We've spent time working on this deck the last couple of days and came to the same conclusions as you. Evolution charm is surprisingly playable, the land fixing is relevant often enough to make it worthwhile and I'v even used the flying modal a few times. The rest of your comments are valid though, barring the question about Okiba Gang. We don't run that in any deck to enable 187 creatures, we instead run it because it has a very large impact on most games and can occasionally win the game all by itself.

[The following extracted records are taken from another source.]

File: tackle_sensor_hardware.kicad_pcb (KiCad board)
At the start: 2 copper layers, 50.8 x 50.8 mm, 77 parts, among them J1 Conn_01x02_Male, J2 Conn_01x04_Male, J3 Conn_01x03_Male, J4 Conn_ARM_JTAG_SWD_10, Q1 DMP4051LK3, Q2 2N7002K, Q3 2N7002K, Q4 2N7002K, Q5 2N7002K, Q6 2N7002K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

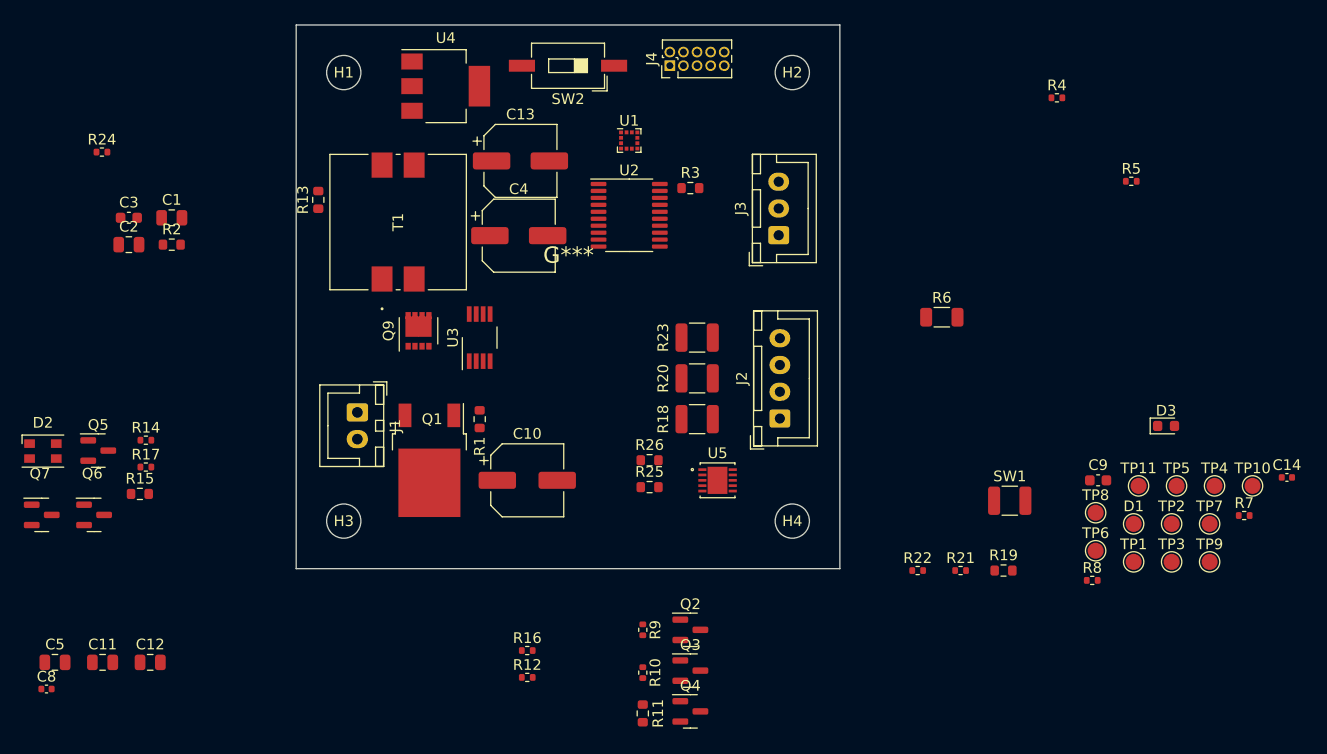
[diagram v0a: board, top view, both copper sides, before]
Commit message: updated component placement and board size, cleaning up schamtic and part selection.
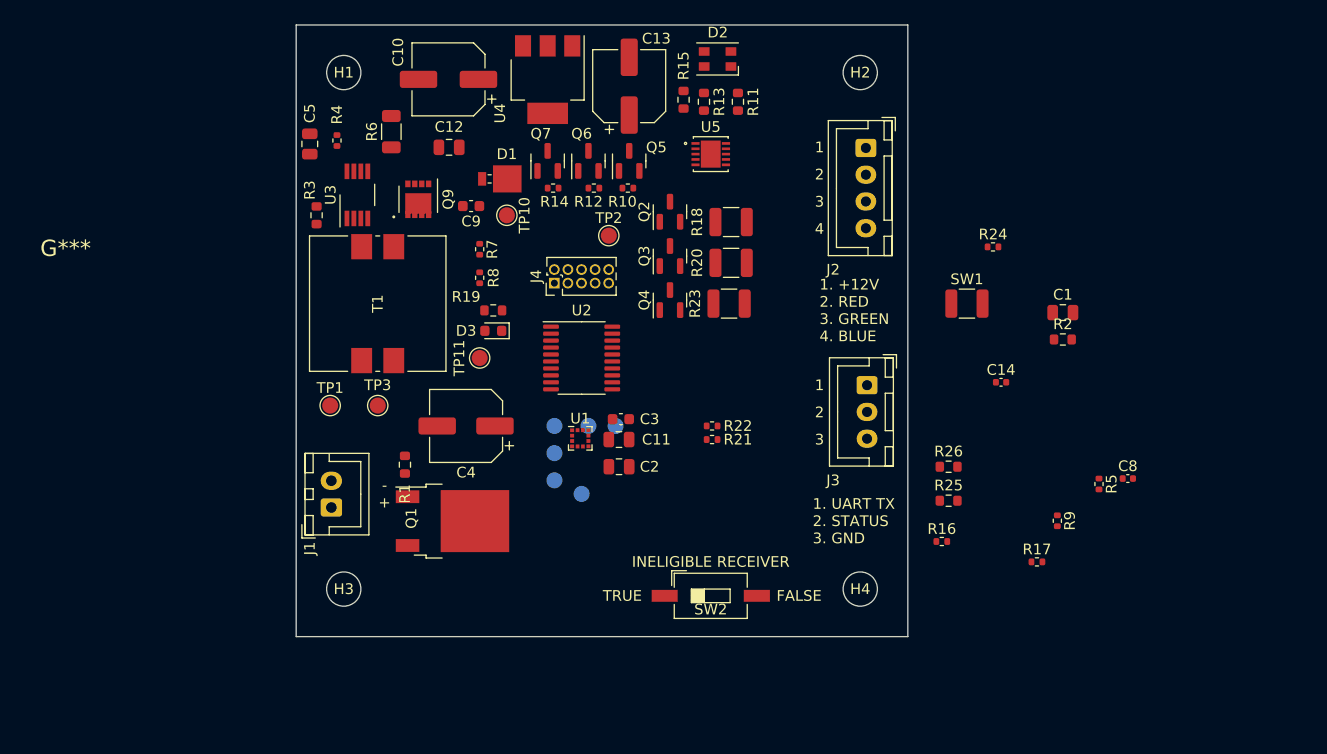
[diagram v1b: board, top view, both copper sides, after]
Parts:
- D1: footprint TestPoint:TestPoint_Pad_D1.5mm -> Diode_SMD:D_Powermite_AK
- TP4, TP5, TP6, TP7, TP8, TP9: moved to B.Cu
- moved C8 102.9 mm to (198.4, 112.2)
- moved R17 83.7 mm to (189.9, 120.0)
- moved C1 83.7 mm to (192.3, 96.7)
- moved R2 83.7 mm to (192.3, 99.2)
- moved R24 83.7 mm to (185.8, 90.6)
- moved TP1 76.5 mm to (123.8, 105.4)
- moved R7 75.6 mm to (137.8, 90.8), turned to -90 degrees
- moved TP3 75.6 mm to (128.3, 105.4)
- moved TP10 74.1 mm to (140.3, 87.6), turned to -90 degrees
- moved D2 72.9 mm to (160.0, 73.0), turned to 180 degrees
- moved D1 67.4 mm to (139.7, 84.2), turned to 180 degrees
- moved R4 67.4 mm to (124.5, 80.6), turned to 90 degrees
- moved C9 63.9 mm to (137.0, 86.8), turned to 180 degrees
- moved R8 63.8 mm to (137.8, 93.5), turned to -90 degrees
- moved D3 63.5 mm to (139.1, 98.4), turned to 180 degrees
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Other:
- board size 50.8 x 50.8 mm -> 57.2 x 57.2 mm
- board text added: "- +"
- board text added: "1"
- board text added: "1. +12V 2. RED 3. GREEN 4. BLUE"
- board text added: "1. UART TX 2. STATUS 3. GND"
- board text added: "2"
- board text added: "3"
- board text added: "4"
- board text added: "FALSE"
- board text added: "INELIGIBLE RECEIVER"
- board text added: "TRUE"

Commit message: routing in progress.
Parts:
- added C6: C, Capacitor_SMD:C_0402_1005Metric, F.Cu at (113.8, 88.1)
- added C7: C, Capacitor_SMD:C_0402_1005Metric, F.Cu at (110.9, 88.1)
- added D4: BZT52-B15_R1_00001, Diode_SMD:D_SOD-123, F.Cu at (132.3, 113.9)
- added TP12: TestPoint, TestPoint:TestPoint_Pad_D1.5mm, F.Cu at (153.7, 99.9)
- added TP13: TestPoint, TestPoint:TestPoint_Pad_D1.5mm, B.Cu at (147.1, 103.9)
- added TP14: TestPoint, TestPoint:TestPoint_Pad_D1.5mm, B.Cu at (141.2, 103.9)
- R1: value 1k,1%,25mW -> 10k,1%,63mW; footprint Resistor_SMD:R_0603_1608Metric -> Resistor_SMD:R_0402_1005Metric
- R18, R20, R23: value 0 -> 0,0.5W
- R2: value 0 -> 0,63mW; footprint Resistor_SMD:R_0603_1608Metric -> Resistor_SMD:R_0402_1005Metric
- R3: footprint Resistor_SMD:R_0603_1608Metric -> Resistor_SMD:R_0402_1005Metric
- moved R17 41.7 mm to (161.5, 89.4)
- moved R16 39.2 mm to (161.5, 84.1)
- moved R24 25.1 mm to (161.0, 95.0)
- moved U3 14.5 mm to (112.4, 81.9)
- moved U5 9.74 mm to (166.9, 75.7)
- moved R22 8.98 mm to (167.6, 103.5)
- moved R21 8.87 mm to (167.6, 105.0)
- moved C9 8.87 mm to (128.1, 87.0)
- moved Q2 8.11 mm to (161.1, 81.4)
- moved R23 7.99 mm to (166.7, 90.2)
- moved R20 7.68 mm to (166.7, 86.6)
- moved D1 7.55 mm to (132.7, 87.0)
- moved R18 7.50 mm to (166.7, 83.1)
- moved Q3 7.34 mm to (161.1, 86.6)
- moved Q4 6.42 mm to (161.1, 92.3)
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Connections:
- U2 pad 17: unconnected-(U2-Pad17) -> Net-(TP12-Pad1)
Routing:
- net GND: track 0.00 -> 39.3 mm, vias 0 -> 16
- net Net-(C4-Pad1): track 0.00 -> 20.4 mm
- net +3V3: track 0.00 -> 12.7 mm, vias 0 -> 3
- net Net-(J1-Pad1): track 0.00 -> 12.4 mm
- net Net-(D4-Pad2): track 0.00 -> 6.62 mm
- net Net-(J2-Pad4): track 0.00 -> 6.28 mm
- net Net-(J2-Pad2): track 0.00 -> 6.06 mm
- net +12V: track 0.00 -> 5.88 mm
- net Net-(J2-Pad3): track 0.00 -> 5.85 mm
- net Net-(C9-Pad2): track 0.00 -> 5.80 mm
- net Net-(Q2-Pad3): track 0.00 -> 5.72 mm
- net Net-(Q4-Pad3): track 0.00 -> 4.61 mm
- net Net-(Q3-Pad3): track 0.00 -> 4.51 mm
- net G_PWM: track 0.00 -> 2.37 mm
- net R_PWM: track 0.00 -> 2.14 mm
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- added copper zone on F.Cu, net +12V
- added copper zone on In2.Cu, net +3V3
- added copper zone on F.Cu, net GND
- added copper zone on In1.Cu, net GND
- added copper zone on F.Cu, net Net-(C9-Pad1)
- added copper zone on F.Cu, net Net-(C9-Pad2)
- added copper zone on F.Cu, net Net-(Q9-Pad1)
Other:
- copper layers 2 -> 4

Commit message: update reset button, add decoupling caps for MCU.
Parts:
- added C15: 100nF, 50V, Capacitor_SMD:C_0805_2012Metric, F.Cu at (192.7, 104.4)
- added C16: 1uF, 50V, Capacitor_SMD:C_0603_1608Metric, F.Cu at (196.9, 104.1)
- SW1: value SW_Push -> PTS645SL43SMTR92 LFS; footprint Resistor_SMD:R_1210_3225Metric -> Button_Switch_SMD:SW_SPST_PTS645
- moved C1 37.9 mm to (154.4, 96.8), turned to 90 degrees
- moved SW1 35.6 mm to (147.8, 98.3), turned to 180 degrees
- moved C11 6.86 mm to (150.9, 115.4)
- moved C2 6.86 mm to (150.9, 118.0)
- moved TP12 6.86 mm to (153.8, 106.8)
- moved TP13 6.86 mm to (147.2, 110.7)
- moved TP14 6.86 mm to (141.4, 110.7)
- moved TP6 6.86 mm to (144.9, 119.3)
- moved TP7 6.86 mm to (144.9, 114.2)
- moved TP9 6.86 mm to (150.6, 114.2)
- moved U1 6.86 mm to (147.3, 115.3)
- moved TP8 6.86 mm to (148.1, 114.2)
- moved TP4 6.86 mm to (144.9, 116.7)
- moved TP5 6.86 mm to (147.4, 120.5)
- moved U2 6.86 mm to (147.4, 107.8)
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
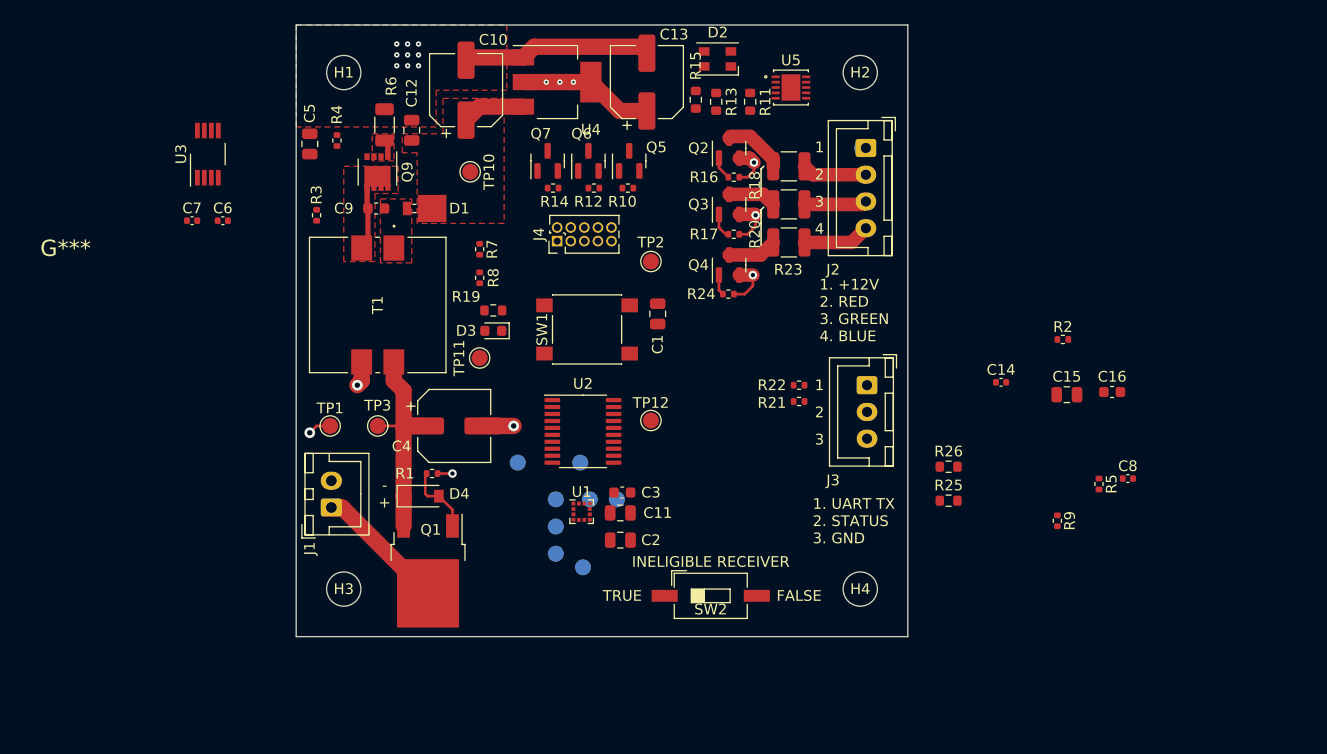
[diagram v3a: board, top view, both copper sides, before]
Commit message: added PTC
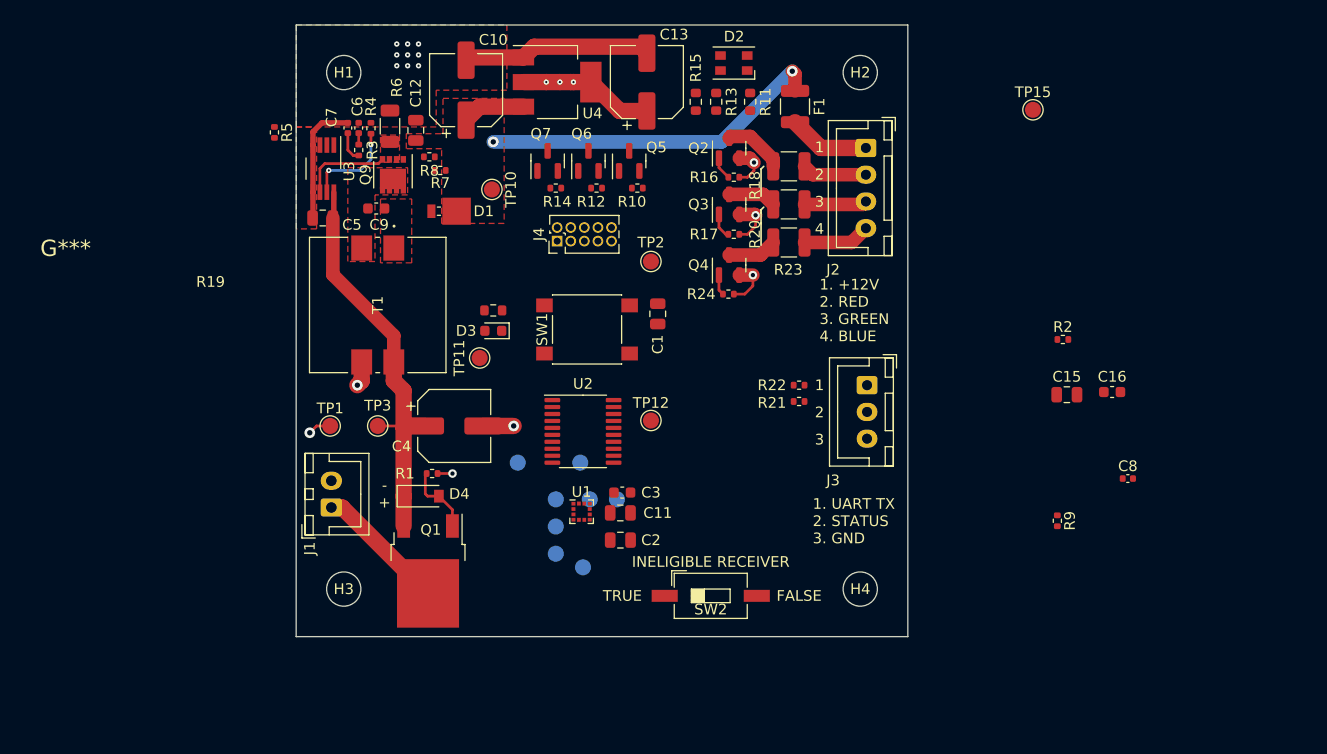
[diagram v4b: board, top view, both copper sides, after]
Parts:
- removed C14: DNP, Capacitor_SMD:C_0402_1005Metric
- removed R25, R26: 1k, Resistor_SMD:R_0603_1608Metric
- removed U5: NIS5420MT6TXG, rfc_footprint_lib:WDFN10_522AA-01_ONS
- added F1: MF-USHT035KX-2, Resistor_SMD:R_1210_3225Metric, F.Cu at (167.3, 77.5)
- added TP15: TestPoint, TestPoint:TestPoint_Pad_D1.5mm, F.Cu at (189.5, 77.8)
- moved R5 83.8 mm to (118.6, 79.9)
- moved C7 16.9 mm to (125.5, 79.5), turned to 90 degrees
- moved C6 15.4 mm to (126.5, 79.5), turned to 90 degrees
- moved R8 12.2 mm to (133.1, 82.2), turned to 180 degrees
- moved U3 10.9 mm to (123.2, 83.3), turned to -90 degrees
- moved R7 8.24 mm to (134.1, 83.4), turned to 180 degrees
- moved R3 7.26 mm to (126.5, 81.5)
- moved C5 7.02 mm to (123.1, 87.9), turned to 180 degrees
- moved R4 3.38 mm to (127.6, 79.5)
- moved TP10 2.62 mm to (138.9, 85.2)
- moved D1 2.30 mm to (134.9, 87.2)
- moved D2 1.57 mm to (161.5, 73.4)
- moved Q9 1.47 mm to (129.7, 83.8)
- moved R10 0.89 mm to (152.5, 85.1)
- moved R6 0.52 mm to (129.4, 79.3)
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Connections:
- U2 pad 1: EN_FAULT_EFUSE -> Net-(U2-Pad1)
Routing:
- net +12V: track 5.88 -> 38.5 mm, vias 0 -> 2
- net Net-(C4-Pad1): track 20.4 -> 38.6 mm
- net GND: track 39.3 -> 51.0 mm
- net Net-(R4-Pad1): track 0.00 -> 8.88 mm, vias 0 -> 2
- net Net-(Q9-Pad4): track 0.00 -> 8.42 mm
- net Net-(J2-Pad1): track 0.34 -> 7.62 mm
- net Net-(C9-Pad2): track 5.80 -> 0.94 mm
- net Net-(C7-Pad1): track 0.00 -> 2.81 mm
- net Net-(Q9-Pad1): track 1.64 -> 0.44 mm
- net Net-(C6-Pad1): track 0.00 -> 1.07 mm

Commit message: route board
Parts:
- moved C8 77.8 mm to (126.1, 83.3)
- moved C16 51.9 mm to (145.3, 109.9), turned to 180 degrees
- moved TP15 50.5 mm to (146.4, 104.1)
- moved R9 49.9 mm to (141.9, 118.1), turned to 0 degrees
- moved C15 47.4 mm to (145.3, 108.0), turned to 180 degrees
- moved R2 46.5 mm to (149.4, 117.1), turned to -90 degrees
- moved TP6 20.1 mm to (162.6, 109.7)
- moved TP5 17.8 mm to (159.3, 107.2)
- moved TP4 16.9 mm to (161.5, 113.9), turned to -90 degrees
- moved TP14 14.3 mm to (154.4, 105.0)
- moved SW2 12.7 mm to (146.7, 123.1)
- moved TP9 9.06 mm to (159.4, 111.9)
- moved C3 8.53 mm to (157.1, 119.6)
- moved R5 7.83 mm to (126.1, 82.2), turned to 0 degrees
- moved TP12 7.44 mm to (160.4, 103.4)
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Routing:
- net B_PWM: track 1.93 -> 42.3 mm
- net G_PWM: track 2.37 -> 41.5 mm, vias 0 -> 2
- net /RST: track 0.00 -> 35.3 mm
- net GND: track 51.0 -> 85.5 mm, vias 16 -> 33
- net R_PWM: track 2.14 -> 36.2 mm, vias 0 -> 2
- net /SWDIO: track 0.00 -> 31.6 mm
- net /SWCLK: track 0.00 -> 28.3 mm
- net UART_TX: track 0.00 -> 28.2 mm, vias 0 -> 2
- net +3V3: track 12.7 -> 34.2 mm, vias 3 -> 9
- net TACKLE_STATUS: track 0.00 -> 20.7 mm, vias 0 -> 2
- net Net-(R9-Pad2): track 0.00 -> 20.3 mm, vias 0 -> 2
- net Net-(R7-Pad2): track 0.00 -> 19.0 mm, vias 0 -> 2
- net /ACC_INT1: track 0.00 -> 16.8 mm, vias 0 -> 3
- net /SPI1_MISO: track 0.00 -> 15.4 mm, vias 0 -> 1
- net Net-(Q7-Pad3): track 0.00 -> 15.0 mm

I'll speak to Spike about getting an updated list posted.

by SpikeBoyM at Mon, 08/13/2007 - 11:19
SpikeBoyM's picture

Evolution Charm's strength is in its versatility; being able to either fix mana OR regrow a threat is extremely valuable.  Last Gasp, in current Classic, is quite good.  If the meta shifted towards tokens more (as the meta is in Standard), then Echoing Decay would be the right call.  However, the ability to give -3/-3 is significantly stronger than giving a creature -2/-2.  Seeing as how MBC is a very popular deck right now, I want to kill those Twisted Abominations dead.  I do not see how Pit Keeper is eating at my card advnatage bank, seeing as how the goal is to use the graveyard as a second library, not as a pure Threshold bank.  Finally, Okiba-Gang is a sick card against control- while 187 creatures obviously make it better, simply using him is also quite good.  And yes, Werebear is always a savage beating.

-Alex

by khirareq at Mon, 08/13/2007 - 10:39
khirareq's picture

Wait...Evolution charm?  Shouldn't that be the other 2 copies of revival?  Is the ability to search for lands and grant flying that important?  Are the last gasps that much better than horobi's whisper?  Or Echoing Decay, for that matter?  Isn't the Pit Keeper canabalizing your primary card advantage mechanic?  Shouldn't that be a Phyrexian Rager?  Do you have enough 187 creatures to justify Okiba-Gang?  Do you achieve threshold fast and consistantly enough to justify Werebear?

I don't play a lot of Classic Pauper, but that last deck just seems confused to me.

:D by J_Beatnik (Unregistered) 75.120.50.15 (not verified) at Sat, 08/11/2007 - 15:20
J_Beatnik (Unregistered) 75.120.50.15's picture

Sweet article. You definately beat me down with that deck. I'll have to see if I can create something solid in extended to deal with it. Mostly I've been playing pauper standard. I do think the deck is solid and a worthy contender.